The final comment I have about Terraform is the additional providers. AWS is obviously the one I have used the most, but they have a huge list of other providers that you can write terraform code to manage. You might be able to write terraform code to deploy your AWS infrastructure and provision users in your AD environment. Tons of providers and even the ability to write your own.

Serverless Application Model

The Serverless Application Model (SAM) is really just a flavor (a transformation) of CloudFormation. It gives you slightly different resources to deploy that make it easier to deploy serverless applications. I think this is best explained by an example.

To deploy a lambda function and expose it through API Gateway using CloudFormation you would need to deploy

With SAM

It is really simplified for serverless deployments and makes the code much similar. The way it works is that CloudFormation takes your SAM IaC, and transforms it behind the scenes into CloudFormation resources to deploy. Magic.

Pulumi / AWS CDK

I lump Pulumi and AWS CDK into the same bucket because for explanation purposes they are the same. You might even be able to throw in CDKTF into this mix, but the jury seems to still be out on CDKTF.

What sets these two apart from the rest is that when they refer to infrastructure as code, they mean CODE. Not some JSON/YAML/HCL file. With these tools you get to pick your supported language (Pulumi|AWS CDK) and write real code. There is A LOT of power behind these options. You have all the flexibility and in a language that your developers might already know (if they don’t know it, please don’t pick a new language for them to learn).

Pulumi, like Terraform, uses the API. So once again you have a state to manage. They, like Terraform, also have a cloud. It has been a few years since I have used the Pulumi cloud, but I enjoyed my time in the Pulumi cloud more than I did in the Terraform cloud.

AWS CDK is backed by CloudFormation - so you write all of your code, and then the CDK translates that into CloudFormation for the actual deployment. It is nice because state management is included, but you will be tied to any limitations of CloudFormation.

AWS CDK, kind of like SAM, also has some higher level constructs that allow you to deploy commonly lumped together services with less code. The best example of this is a VPC. At Caylent, I think our standard secure VPC CloudFormation template is 85+ lines and includes the VPC, the subnets, the route tables, the NACLs, IGW, NAT GW, etc. It is also in CloudFormation so certain resources are copy/pasted 2-5 times depending on the VPC. In CDK you can deploy a standard VPC in 3-5 lines of code.

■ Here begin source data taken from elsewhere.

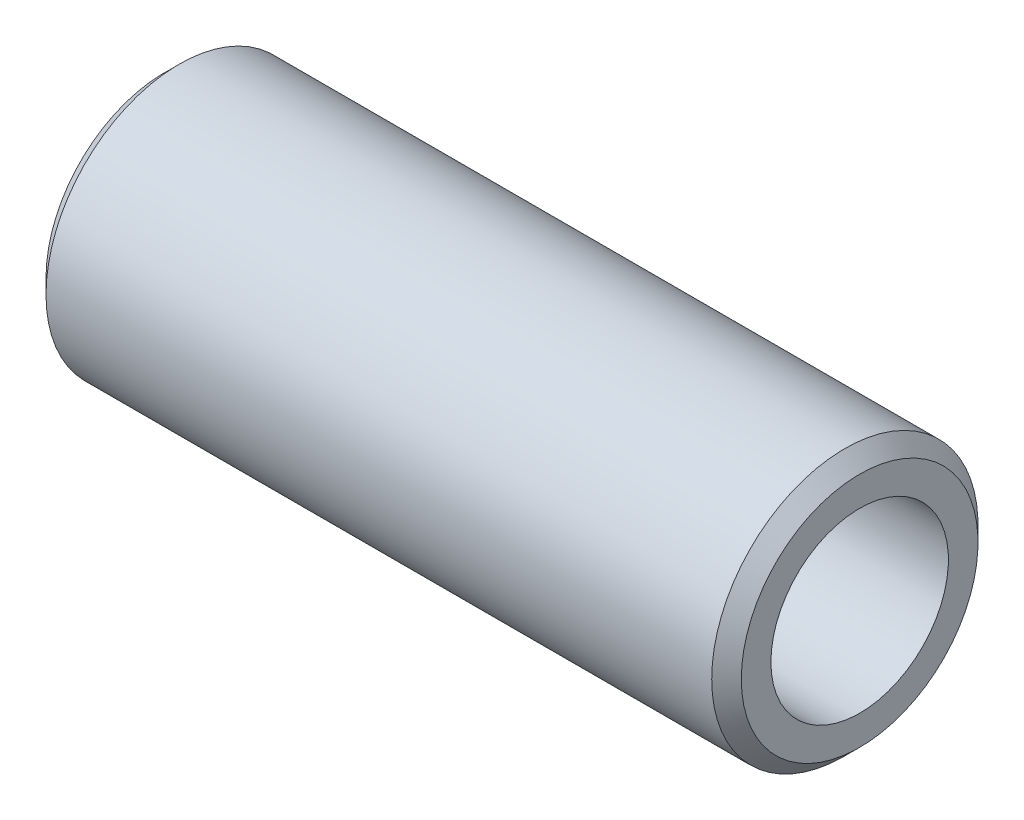
ISO-10303-21;
HEADER;
FILE_DESCRIPTION(('STEP AP214'),'2;1');
FILE_NAME('part.step','',(''),(''),'','','');
FILE_SCHEMA(('AUTOMOTIVE_DESIGN { 1 0 10303 214 1 1 1 1 }'));
ENDSEC;
DATA;
#1=APPLICATION_CONTEXT('core data for automotive mechanical design processes');
#2=APPLICATION_PROTOCOL_DEFINITION('international standard','automotive_design',2000,#1);
#3=PRODUCT_CONTEXT('',#1,'mechanical');
#4=PRODUCT('Part','Part','',(#3));
#5=PRODUCT_RELATED_PRODUCT_CATEGORY('part','',(#4));
#6=PRODUCT_DEFINITION_FORMATION('','',#4);
#7=PRODUCT_DEFINITION_CONTEXT('part definition',#1,'design');
#8=PRODUCT_DEFINITION('design','',#6,#7);
#9=PRODUCT_DEFINITION_SHAPE('','',#8);
#10=(LENGTH_UNIT() NAMED_UNIT(*) SI_UNIT(.MILLI.,.METRE.));
#11=(NAMED_UNIT(*) PLANE_ANGLE_UNIT() SI_UNIT($,.RADIAN.));
#12=(NAMED_UNIT(*) SI_UNIT($,.STERADIAN.) SOLID_ANGLE_UNIT());
#13=UNCERTAINTY_MEASURE_WITH_UNIT(LENGTH_MEASURE(1.E-05),#10,'distance_accuracy_value','');
#14=(GEOMETRIC_REPRESENTATION_CONTEXT(3) GLOBAL_UNCERTAINTY_ASSIGNED_CONTEXT((#13)) GLOBAL_UNIT_ASSIGNED_CONTEXT((#10,
#11,#12)) REPRESENTATION_CONTEXT('',''));
#15=CARTESIAN_POINT('',(0.,0.,0.));
#16=DIRECTION('',(0.,0.,1.));
#17=DIRECTION('',(1.,0.,0.));
#18=AXIS2_PLACEMENT_3D('',#15,#16,#17);
#19=CARTESIAN_POINT('',(0.5,0.,0.));
#20=DIRECTION('',(1.,0.,0.));
#21=DIRECTION('',(0.,0.,-1.));
#22=AXIS2_PLACEMENT_3D('',#19,#20,#21);
#23=CONICAL_SURFACE('',#22,4.5,0.785398163397448);
#24=CARTESIAN_POINT('',(0.,0.,0.));
#25=DIRECTION('',(-1.,0.,0.));
#26=DIRECTION('',(0.,0.,1.));
#27=AXIS2_PLACEMENT_3D('',#24,#25,#26);
#28=CIRCLE('',#27,4.);
#29=CARTESIAN_POINT('',(0.,0.,4.));
#30=VERTEX_POINT('',#29);
#31=EDGE_CURVE('E37',#30,#30,#28,.T.);
#32=ORIENTED_EDGE('',*,*,#31,.F.);
#33=EDGE_LOOP('',(#32));
#34=FACE_BOUND('',#33,.T.);
#35=CARTESIAN_POINT('',(0.5,0.,0.));
#36=DIRECTION('',(-1.,0.,0.));
#37=DIRECTION('',(0.,0.,1.));
#38=AXIS2_PLACEMENT_3D('',#35,#36,#37);
#39=CIRCLE('',#38,4.5);
#40=CARTESIAN_POINT('',(0.5,0.,4.5));
#41=VERTEX_POINT('',#40);
#42=EDGE_CURVE('E10',#41,#41,#39,.T.);
#43=ORIENTED_EDGE('',*,*,#42,.T.);
#44=EDGE_LOOP('',(#43));
#45=FACE_BOUND('',#44,.T.);
#46=ADVANCED_FACE('F15',(#34,#45),#23,.T.);
#47=CARTESIAN_POINT('',(23.5,0.,0.));
#48=DIRECTION('',(-1.,0.,0.));
#49=DIRECTION('',(0.,0.,1.));
#50=AXIS2_PLACEMENT_3D('',#47,#48,#49);
#51=CYLINDRICAL_SURFACE('',#50,4.5);
#52=ORIENTED_EDGE('',*,*,#42,.F.);
#53=EDGE_LOOP('',(#52));
#54=FACE_BOUND('',#53,.T.);
#55=CARTESIAN_POINT('',(23.,0.,0.));
#56=DIRECTION('',(-1.,0.,0.));
#57=DIRECTION('',(0.,0.,1.));
#58=AXIS2_PLACEMENT_3D('',#55,#56,#57);
#59=CIRCLE('',#58,4.5);
#60=CARTESIAN_POINT('',(23.,0.,4.5));
#61=VERTEX_POINT('',#60);
#62=EDGE_CURVE('E21',#61,#61,#59,.T.);
#63=ORIENTED_EDGE('',*,*,#62,.T.);
#64=EDGE_LOOP('',(#63));
#65=FACE_BOUND('',#64,.T.);
#66=ADVANCED_FACE('F44',(#54,#65),#51,.T.);
#67=CARTESIAN_POINT('',(23.5,0.,0.));
#68=DIRECTION('',(-1.,0.,0.));
#69=DIRECTION('',(0.,0.,1.));
#70=AXIS2_PLACEMENT_3D('',#67,#68,#69);
#71=CONICAL_SURFACE('',#70,4.,0.785398163397449);
#72=ORIENTED_EDGE('',*,*,#62,.F.);
#73=EDGE_LOOP('',(#72));
#74=FACE_BOUND('',#73,.T.);
#75=CARTESIAN_POINT('',(23.5,0.,0.));
#76=DIRECTION('',(-1.,0.,0.));
#77=DIRECTION('',(0.,0.,1.));
#78=AXIS2_PLACEMENT_3D('',#75,#76,#77);
#79=CIRCLE('',#78,4.);
#80=CARTESIAN_POINT('',(23.5,0.,4.));
#81=VERTEX_POINT('',#80);
#82=EDGE_CURVE('E25',#81,#81,#79,.T.);
#83=ORIENTED_EDGE('',*,*,#82,.T.);
#84=EDGE_LOOP('',(#83));
#85=FACE_BOUND('',#84,.T.);
#86=ADVANCED_FACE('F50',(#74,#85),#71,.T.);
#87=CARTESIAN_POINT('',(23.5,3.,0.));
#88=DIRECTION('',(-1.,0.,0.));
#89=DIRECTION('',(0.,0.,1.));
#90=AXIS2_PLACEMENT_3D('',#87,#88,#89);
#91=PLANE('',#90);
#92=ORIENTED_EDGE('',*,*,#82,.F.);
#93=EDGE_LOOP('',(#92));
#94=FACE_BOUND('',#93,.T.);
#95=CARTESIAN_POINT('',(23.5,0.,0.));
#96=DIRECTION('',(-1.,0.,0.));
#97=DIRECTION('',(0.,0.,1.));
#98=AXIS2_PLACEMENT_3D('',#95,#96,#97);
#99=CIRCLE('',#98,3.);
#100=CARTESIAN_POINT('',(23.5,0.,3.));
#101=VERTEX_POINT('',#100);
#102=EDGE_CURVE('E29',#101,#101,#99,.T.);
#103=ORIENTED_EDGE('',*,*,#102,.T.);
#104=EDGE_LOOP('',(#103));
#105=FACE_BOUND('',#104,.T.);
#106=ADVANCED_FACE('F56',(#94,#105),#91,.F.);
#107=CARTESIAN_POINT('',(23.5,0.,0.));
#108=DIRECTION('',(-1.,0.,0.));
#109=DIRECTION('',(0.,0.,1.));
#110=AXIS2_PLACEMENT_3D('',#107,#108,#109);
#111=CYLINDRICAL_SURFACE('',#110,3.);
#112=ORIENTED_EDGE('',*,*,#102,.F.);
#113=EDGE_LOOP('',(#112));
#114=FACE_BOUND('',#113,.T.);
#115=CARTESIAN_POINT('',(0.,0.,0.));
#116=DIRECTION('',(-1.,0.,0.));
#117=DIRECTION('',(0.,0.,1.));
#118=AXIS2_PLACEMENT_3D('',#115,#116,#117);
#119=CIRCLE('',#118,3.);
#120=CARTESIAN_POINT('',(0.,0.,3.));
#121=VERTEX_POINT('',#120);
#122=EDGE_CURVE('E34',#121,#121,#119,.T.);
#123=ORIENTED_EDGE('',*,*,#122,.T.);
#124=EDGE_LOOP('',(#123));
#125=FACE_BOUND('',#124,.T.);
#126=ADVANCED_FACE('F62',(#114,#125),#111,.F.);
#127=CARTESIAN_POINT('',(0.,4.,0.));
#128=DIRECTION('',(1.,0.,0.));
#129=DIRECTION('',(0.,0.,-1.));
#130=AXIS2_PLACEMENT_3D('',#127,#128,#129);
#131=PLANE('',#130);
#132=ORIENTED_EDGE('',*,*,#122,.F.);
#133=EDGE_LOOP('',(#132));
#134=FACE_BOUND('',#133,.T.);
#135=ORIENTED_EDGE('',*,*,#31,.T.);
#136=EDGE_LOOP('',(#135));
#137=FACE_BOUND('',#136,.T.);
#138=ADVANCED_FACE('F41',(#134,#137),#131,.F.);
#139=CLOSED_SHELL('',(#46,#66,#86,#106,#126,#138));
#140=MANIFOLD_SOLID_BREP('B1',#139);
#141=ADVANCED_BREP_SHAPE_REPRESENTATION('',(#18,#140),#14);
#142=SHAPE_DEFINITION_REPRESENTATION(#9,#141);
ENDSEC;
END-ISO-10303-21;

One of the biggest caveats I tell customers when going with CDK/Pulumi is that you shouldn’t just start writing infrastructure from day 1. There is some thought and planning that should go into how you are going to set up your code, should you write certain things as modules, how are you going to enforce standards, etc. This is a coding project, and should be treated as one. It will be much harder to undo in the future given that your production infrastructure might depend on it.

You should also take into consideration that not everyone who needs to interpret your IaC is going to be a developer. Sometimes people from security or ops will need to be able to read and understand your code. Oftentimes explainability and readability can be more important than DRY programming.

Conclusion

In conclusion everyone should use AWS CDK. kthx. Kidding, mostly. In reality I am more in the boat of everyone should use IaC. Pick the one that is right for you and your team to manage. Of the choices above there is no wrong answer. All of the solutions above are long term tools that are here to stay. I have done multiple projects with all of them, and I can tell you that they all work, work well, can be automated, and can be taught to teams.